By my count, the family with the most names visible are the Febreys, major landowners whose slave-owning patriarch Nicholas (1800-68) built a now- demolished home on N. Madison St. Sons Henry and John also built important Arlington homes, as did his nephew Ernest (only Henry’s home, on N. Powhatan St., survives).
I spotted stones for Febreys named William, Belinda, Robert, Elizabeth Ball, Mary Francis, Grace and Lewis.
Don’t miss the marker for Margaret Febrey, who died in 1913 of tuberculosis at age 14, and whose ghost is said to have haunted the clubhouse at Overlee swim club.
Hatim shows me handwritten records indicating the graves of Arlington farmers George Crossman and wife Nellie, explaining also that his father Isaac Crossman (namesake of a Falls Church park) died in 1900 at 76 of cancer of the stomach.

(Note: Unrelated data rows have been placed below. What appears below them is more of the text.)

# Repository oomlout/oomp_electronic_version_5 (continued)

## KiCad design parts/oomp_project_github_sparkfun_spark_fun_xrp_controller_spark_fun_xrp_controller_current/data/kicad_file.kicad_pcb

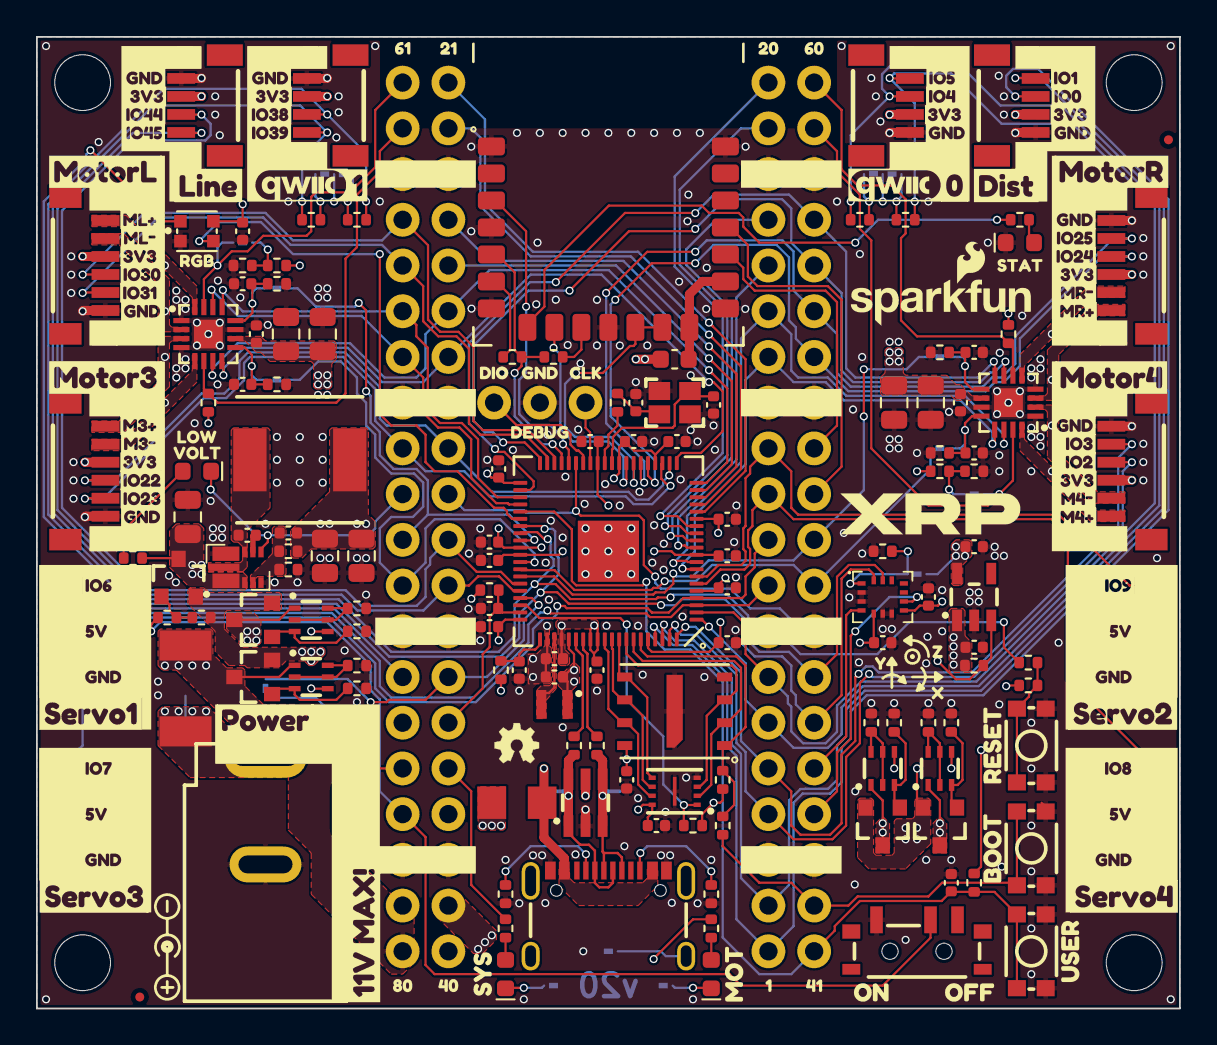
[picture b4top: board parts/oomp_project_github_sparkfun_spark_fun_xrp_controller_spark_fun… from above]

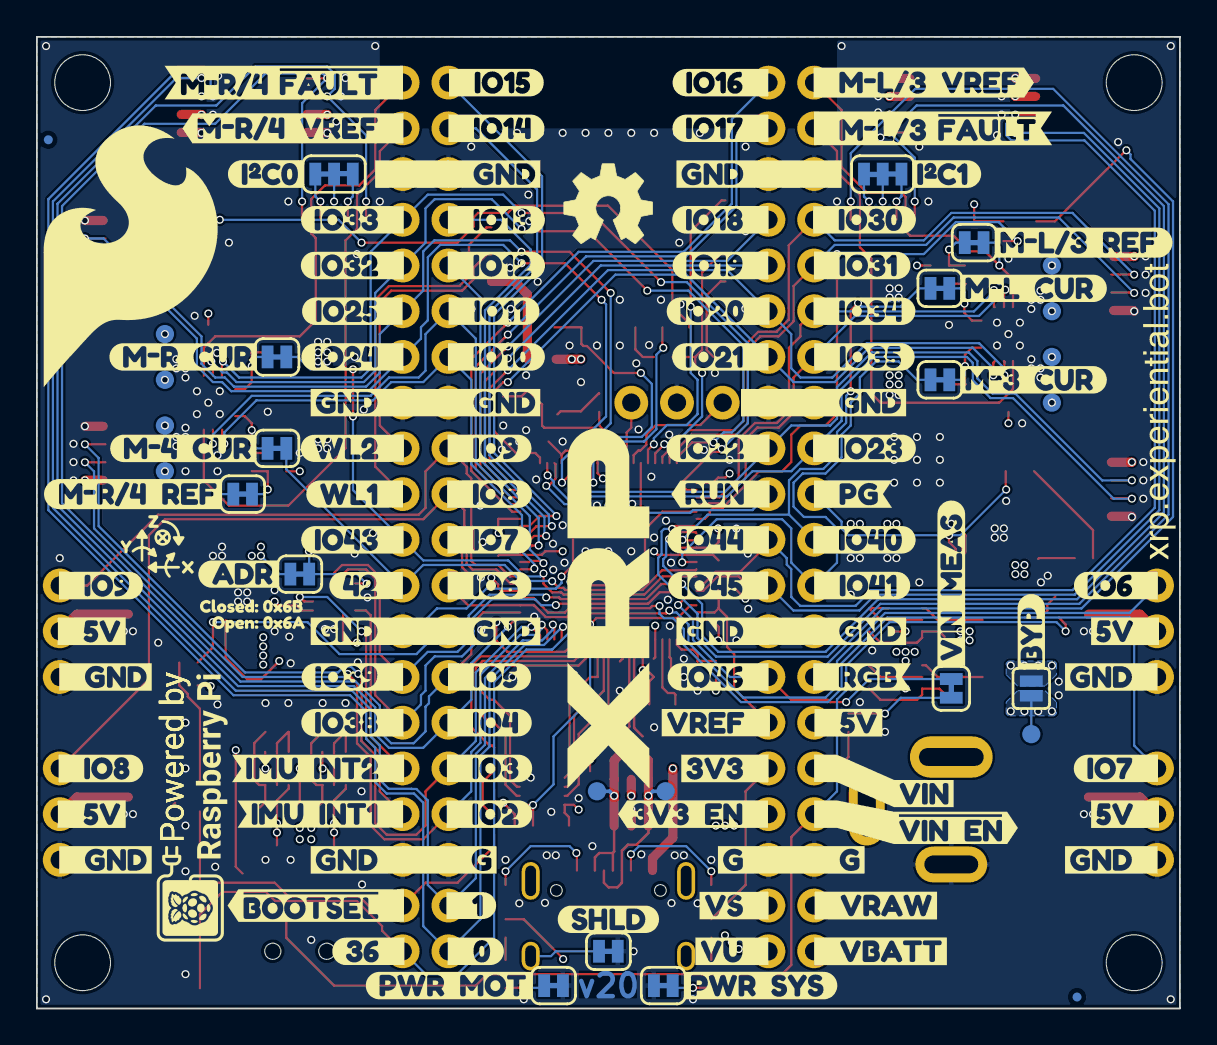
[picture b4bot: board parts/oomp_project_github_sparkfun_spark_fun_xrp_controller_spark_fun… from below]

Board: 6 copper layers, 63.5 x 54.0 mm, 385 parts (137 on the bottom side), 137 nets.

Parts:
C1, C2, C3, C4, C5, C6, C7, C8, C9, C10, C11, C19, C20, C22, C28, C29, C30, C31, C34, C37, C42, C43, C44, C45: 0.1uF; C_0402_1005Metric
C12, C13, C14, C15, C16, C26, C27: 4.7uF; C_0402_1005Metric
C17, C18: 15pF; C_0402_1005Metric
C21, C24, C25, C32, C33, C35, C36, C38, C39, C40, C41: 22uF; C_0805_2012Metric
C23: 47pF; C_0402_1005Metric
D1: Blue; LED_0603_1608Metric_Blue
D2, D3, D6: Red; LED_0603_1608Metric_Red
D4: WS2812B; WS2812_2020
D5: DT1042-04SO; SOT23-6
F1: 16V/2.5A/5.0A; 1812
F2: 6V/0.75A/1.5A; 1206
FID1, FID2, FID3, FID4: Fiducial_0.5mm; Fiducial_0.5mm_Mask1mm
G3: OSHW_Logo; Creative_Commons_License
J1: Barrel_Jack_PTH_Slot; Power_Jack_PTH_Slot
J2: USB_C_Receptacle; USB-C_16
J3, J8, J9, J10, J11: Conn_01x03; 1x03
J4, J5, J6, J7: Conn_01x20; 1x20
J12, J15: JST_SMD_1.0mm_Vertical; JST_SMD_1.0mm-4_Vertical
J13, J14: Qwiic_Vertical; JST_SMD_1.0mm-4_Vertical
J16, J17, J18, J19: Conn_01x06; JST_SMD_1.0mm-6_Vertical
JP1: PWR_SYS; Jumper_2_NC_Trace
JP2: PWR_MOT; Jumper_2_NC_Trace
JP3: BYP; Jumper_2_NO
JP4: ADR; Jumper_2_NC_Trace
JP5: I2C1; Jumper_3_NC-2_Trace
JP6: I2C0; Jumper_3_NC-2_Trace
JP7: SHLD; Jumper_2_NC_Trace
JP8: ML3_REF; Jumper_2_NC_Trace
JP9: MR4_REF; Jumper_2_NC_Trace
JP10: ML_CUR; Jumper_2_NC_Trace
JP11: M3_CUR; Jumper_2_NC_Trace
JP12: M4_CUR; Jumper_2_NC_Trace
JP13: MR_CUR; Jumper_2_NC_Trace
JP14: VIN_MEAS; Jumper_2_NC_Trace
L1: 3.3uH; 0806_Polarized
L2: 6.8uH; Inductor_7.3x6.6mm
L3: 470Ohm; C_0603_1608Metric
Q1, Q3, Q5, Q7: BCM857BS-7-F; SOT-323
Q2, Q4, Q6, Q8, Q9: DMG2305UX; SOT23-3
R1: 200; R_0402_1005Metric
R2: 33; R_0402_1005Metric
R3, R18, R20: 1k; R_0402_1005Metric
R4, R5: 27; R_0402_1005Metric
R6, R7, R12, R41: 10k; R_0402_1005Metric
R8: 180k; R_0402_1005Metric
R9, R23: 33k; R_0402_1005Metric
R10, R14, R15, R16, R17: 2.2k; R_0402_1005Metric
R11, R47: 4.7k; R_0402_1005Metric
R13, R19, R21, R22, R30, R31, R32, R33, R34, R35, R36, R37, R38, R39, R42, R43, R44, R45, R46, R48, R49: 100k; R_0402_1005Metric
R24, R25, R26, R27, R28, R29: 5.1k; R_0402_1005Metric
R40: 470; R_0402_1005Metric
Ref**: Val**; POLARITY_MARKING_CENTER_POSITIVE
Ref**#2: Val**; OSHW_Logo_2.5mm
Ref**#3: Val**; OSHW_Logo_5mm
ST1, ST2, ST3, ST4: Standoff
SW1: SPDT_Slide_SMD_6.7x2.6mm; Slide_SPST_SMD_6.7x2.6mm
SW2: RESET; Push_SMD_4.6x2.8mm_h2.5mm
SW3: BOOT; Push_SMD_4.6x2.8mm_h2.5mm
SW4: USER; Push_SMD_4.6x2.8mm_h2.5mm
TP1, TP2, TP4, TP5, TP6, TP7, TP8, TP9, TP10, TP11, TP12: 1.0mm; TestPoint-1.0mm
U1: RP2350B; QFN-80-1EP_10x10mm_P0.4mm_EP3.4x3.4mm
U2: W25Q128JVPIM; WDFN-8_6x5mm-SkinnyCenterPad
U3: APS6404L-3SQR-ZR; USON-8_3x2mm-SkinnyCenterPad
U4: AP63357DV-7; PowerVFDFN-13
U5: RT9080-3.3; SOT23-5
U6: LSM6DSOX; LGA-14L
U7, U8: DRV8411A; QFN-16
U9: RM2; RM2_Tight
Y1: 12MHz; Crystal_SMD_2.5x2.0mm
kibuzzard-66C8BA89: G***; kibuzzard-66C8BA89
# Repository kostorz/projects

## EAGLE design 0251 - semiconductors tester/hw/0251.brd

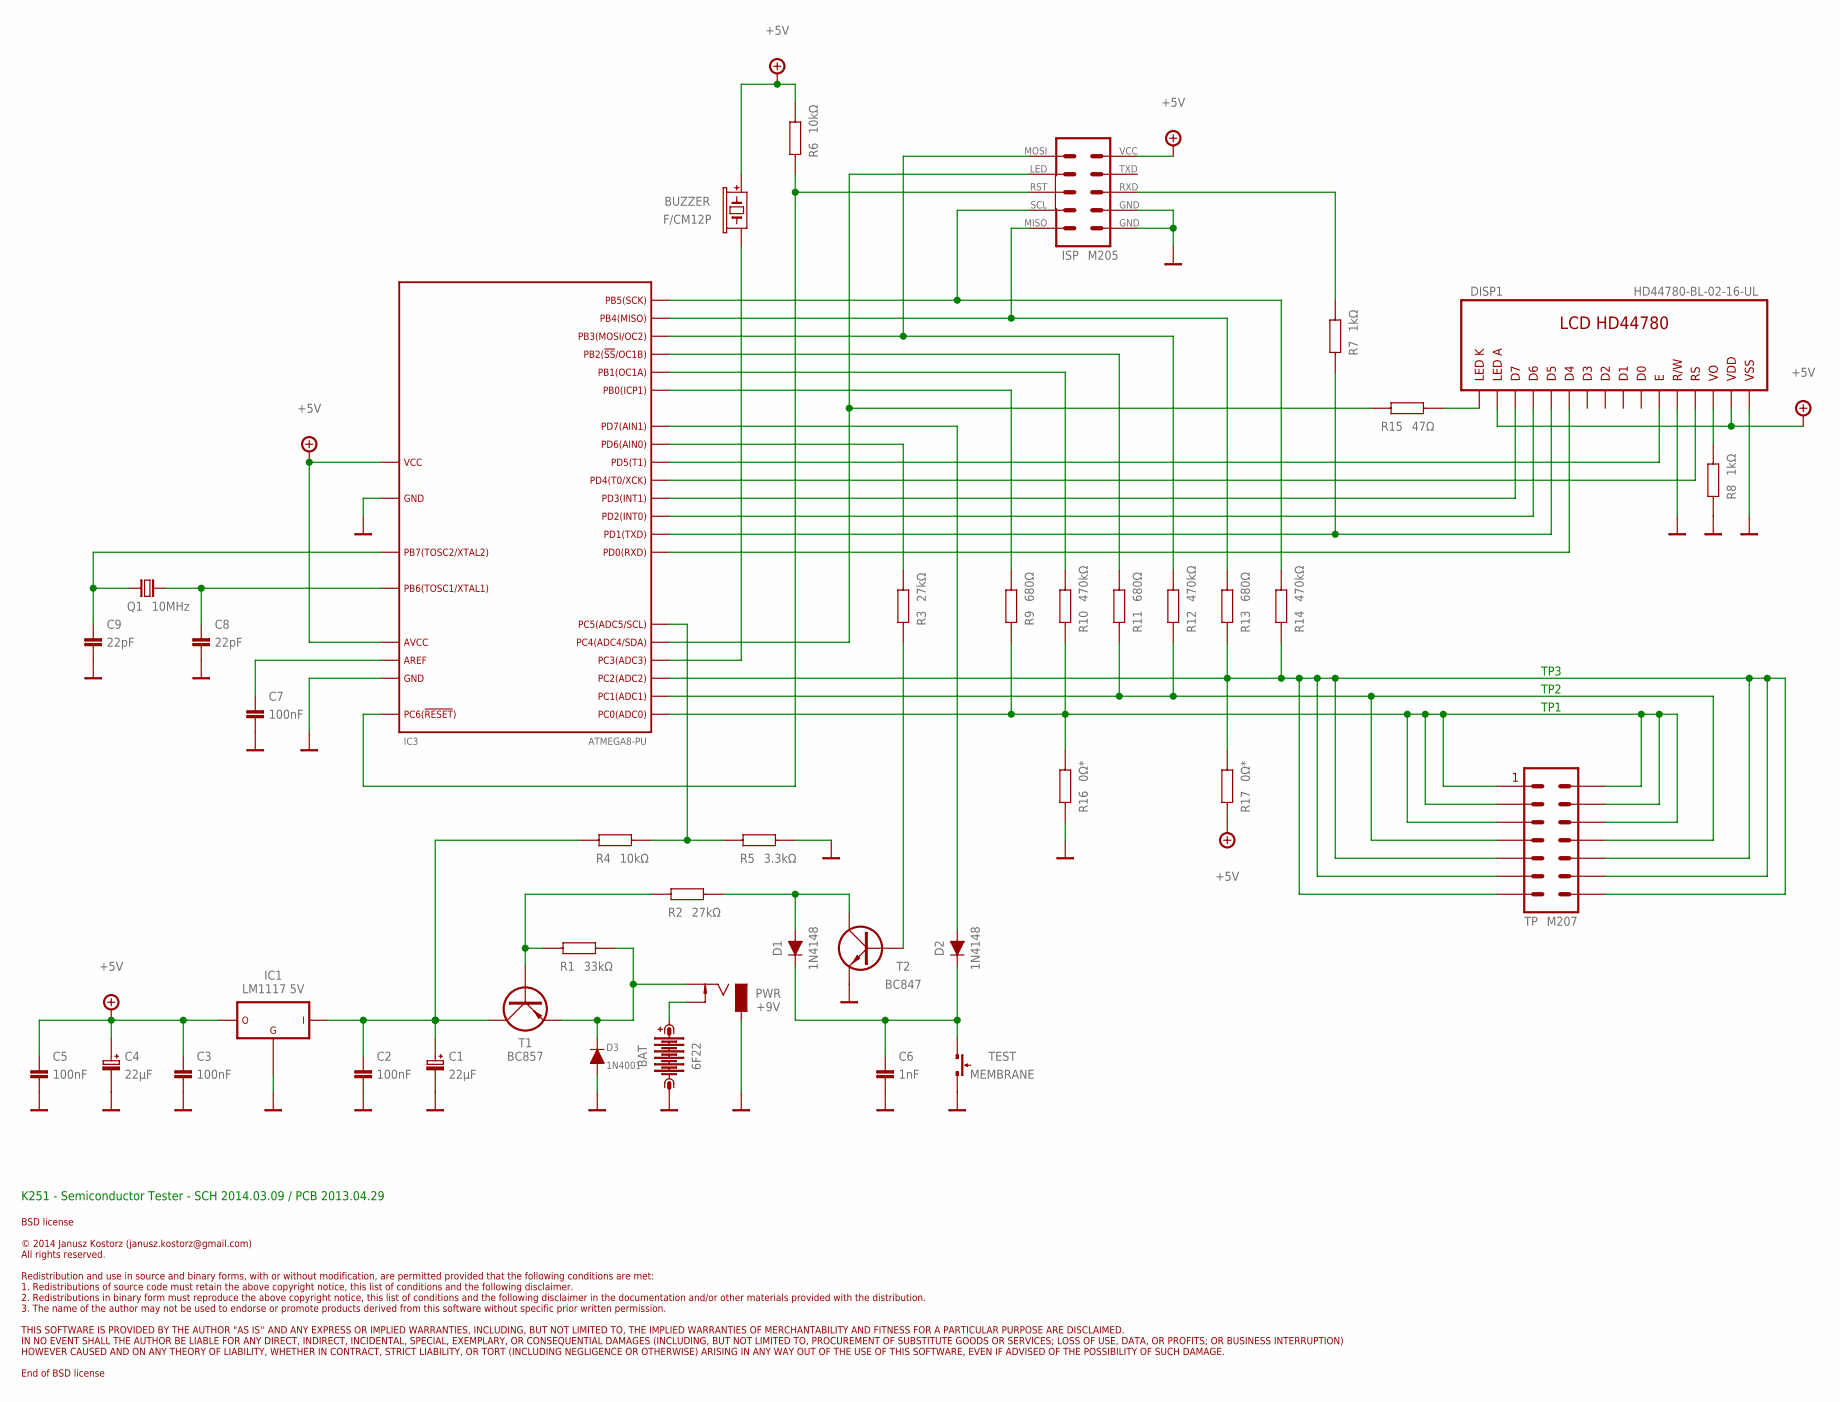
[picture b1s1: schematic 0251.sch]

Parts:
BAT: 6F22; AB9V
BUZZER: F/CM12P; BUZZER_F/CM12P
C1, C4: 22µF; E-050-110-020-05
C2, C3, C5, C7: 100nF; C1206
C6: 1nF; C1206
C8, C9: 22pF; C1206
D1, D2: 1N4148; DO35-10
D3: 1N4001; DO41-10
DISP1: HD44780-BL-02-16-UL; 02-16-UL-BL
IC1: LM1117 5V; TO252
IC3: ATMEGA8-PU; DIP254P800X550-28B
ISP: M205; MM-10-H
PWR: +9V; DCJ0303
Q1: 10MHz; HC49/S
R1: 33kΩ; R1206
R2, R3: 27kΩ; R1206
R4, R6: 10kΩ; R1206
R5: 3.3kΩ; R1206
R7, R8: 1kΩ; R1206
R9, R11, R13: 680Ω; 0207/12
R10, R12, R14: 470kΩ; 0207/12
R15: 47Ω; R1206
R16, R17: 0Ω*; R1206
T1: BC857; SOT23-BEC
T2: BC847; SOT23-BEC
TEST: MEMBRANE; B3F-10XX-M
TP: M207; 2-7

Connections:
+5V: BUZZER.+ (1), C3.2, C4.+, C5.2, DISP1.2 (VDD), DISP1.15 (A), IC1.2 (OUT), IC3.7 (VCC), IC3.20 (AVCC), ISP.P$2 (VCC), R6.2, R17.2
GND: BAT.-, C1.-, C2.1, C3.1, C4.-, C5.1, C6.1, C7.1, C8.1, C9.1, D3.A, DISP1.1 (VSS), DISP1.5 (R/W), IC1.1 (GND), IC3.8 (GND), IC3.22 (GND), ISP.P$8 (GND), ISP.P$10 (GND), PWR.1, R5.1, R8.1, R16.2, T2.E, TEST.1 (S)
unnamed: ISP.P$6 (RXD), R7.1
unnamed: DISP1.16 (K), R15.1
unnamed: D3.C, PWR.3, R1.2, T1.E
unnamed: IC3.12 (PD6), R3.2
unnamed: C1.+, C2.2, IC1.3 (IN), R4.2, T1.C
unnamed: C6.2, D1.C, D2.C, TEST.3
unnamed: BAT.+, PWR.2
unnamed: D1.A, R2.1, T2.C
unnamed: IC3.14 (PB0), R9.1
unnamed: IC3.15 (PB1), R10.1
unnamed: C7.2, IC3.21 (AREF)
unnamed: DISP1.3 (VO), R8.2
unnamed: IC3.16 (PB2), R11.1
unnamed: IC3.17 (PB3), ISP.P$1 (MOSI), R12.1
unnamed: IC3.28 (PC5), R4.1, R5.2
unnamed: IC3.18 (PB4), ISP.P$9 (MISO), R13.1
unnamed: IC3.19 (PB5), ISP.P$7 (SCL), R14.1
unnamed: DISP1.11 (DB4), IC3.2 (PD0)
unnamed: DISP1.12 (DB5), IC3.3 (PD1), R7.2
unnamed: DISP1.13 (DB6), IC3.4 (PD2)
unnamed: DISP1.14 (DB7), IC3.5 (PD3)
unnamed: R1.1, R2.2, T1.B
unnamed: DISP1.4 (RS), IC3.6 (PD4)
unnamed: DISP1.6 (E), IC3.11 (PD5)
unnamed: D2.A, IC3.13 (PD7)
unnamed: IC3.27 (PC4), ISP.P$3 (LED), R15.2
unnamed: BUZZER.- (2), IC3.26 (PC3)
unnamed: IC3.1 (PC6), ISP.P$5 (RST), R6.1
unnamed: C9.2, IC3.10 (PB7), Q1.1
unnamed: C8.2, IC3.9 (PB6), Q1.2
T2: R3.1, T2.B
TP1: IC3.23 (PC0), R9.2, R10.2, R16.1, TP.1, TP.2, TP.3, TP.4, TP.5, TP.6
TP2: IC3.24 (PC1), R11.2, R12.2, TP.7, TP.8
TP3: IC3.25 (PC2), R13.2, R14.2, R17.1, TP.9, TP.10, TP.11, TP.12, TP.13, TP.14

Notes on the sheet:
K251 - Semiconductor Tester - SCH 2014.03.09 / PCB 2013.04.29
TP1
TP2
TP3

She helped me find the grave of Harry A. Fellows (1866-1943), mayor of Falls Church as well as the first chair of the Arlington County Board.
“Not everybody gets a headstone, and some stones fall apart,” Hatim reminded me. Not all make it on the online site “Find a Grave.”
She (with groundskeeper Luis Hernandez) helped manage the recent burials of Falls Church denizens such as Sheriff Stephen Bittle and civic activists Barbara Cram and Jerome Blystone.
The cemetery is “nearly full,” Hatim tells me, with most remaining space on the eastern patch closest to Eden Center. Soon Oakwood will be pure history.
The county board announced plans to vote July 17 to remove Robert E’s name from Lee Highway and rename it Langston Blvd.
That tribute to the freedman abolitionist, attorney, Congressman and education reformer (for whom a once-segregated school in Hall’s Hill is already named) will cost the government about $300,000, according to a staff report.
That doesn’t include private expenses (business cards, maps, directories).
Is this change of habit worth it? Amortizing the cost of justice over centuries of history, I’d say yes.
Another vestige of the Confederacy in Arlington also bit the dust. In late June, the new climbing wall opens at the Upton Hill Regional Park.
The construction — which included the controversial cutting of trees to add parking — also eliminated long-standing Civil War “Quaker cannon” replicas installed years ago by Boy Scouts. Quaker cannon were simply logs painted brown to fool distant Union troops.
In fact, historians say, such devices were used nearby at Munson Hill, but not at the fort at Upton.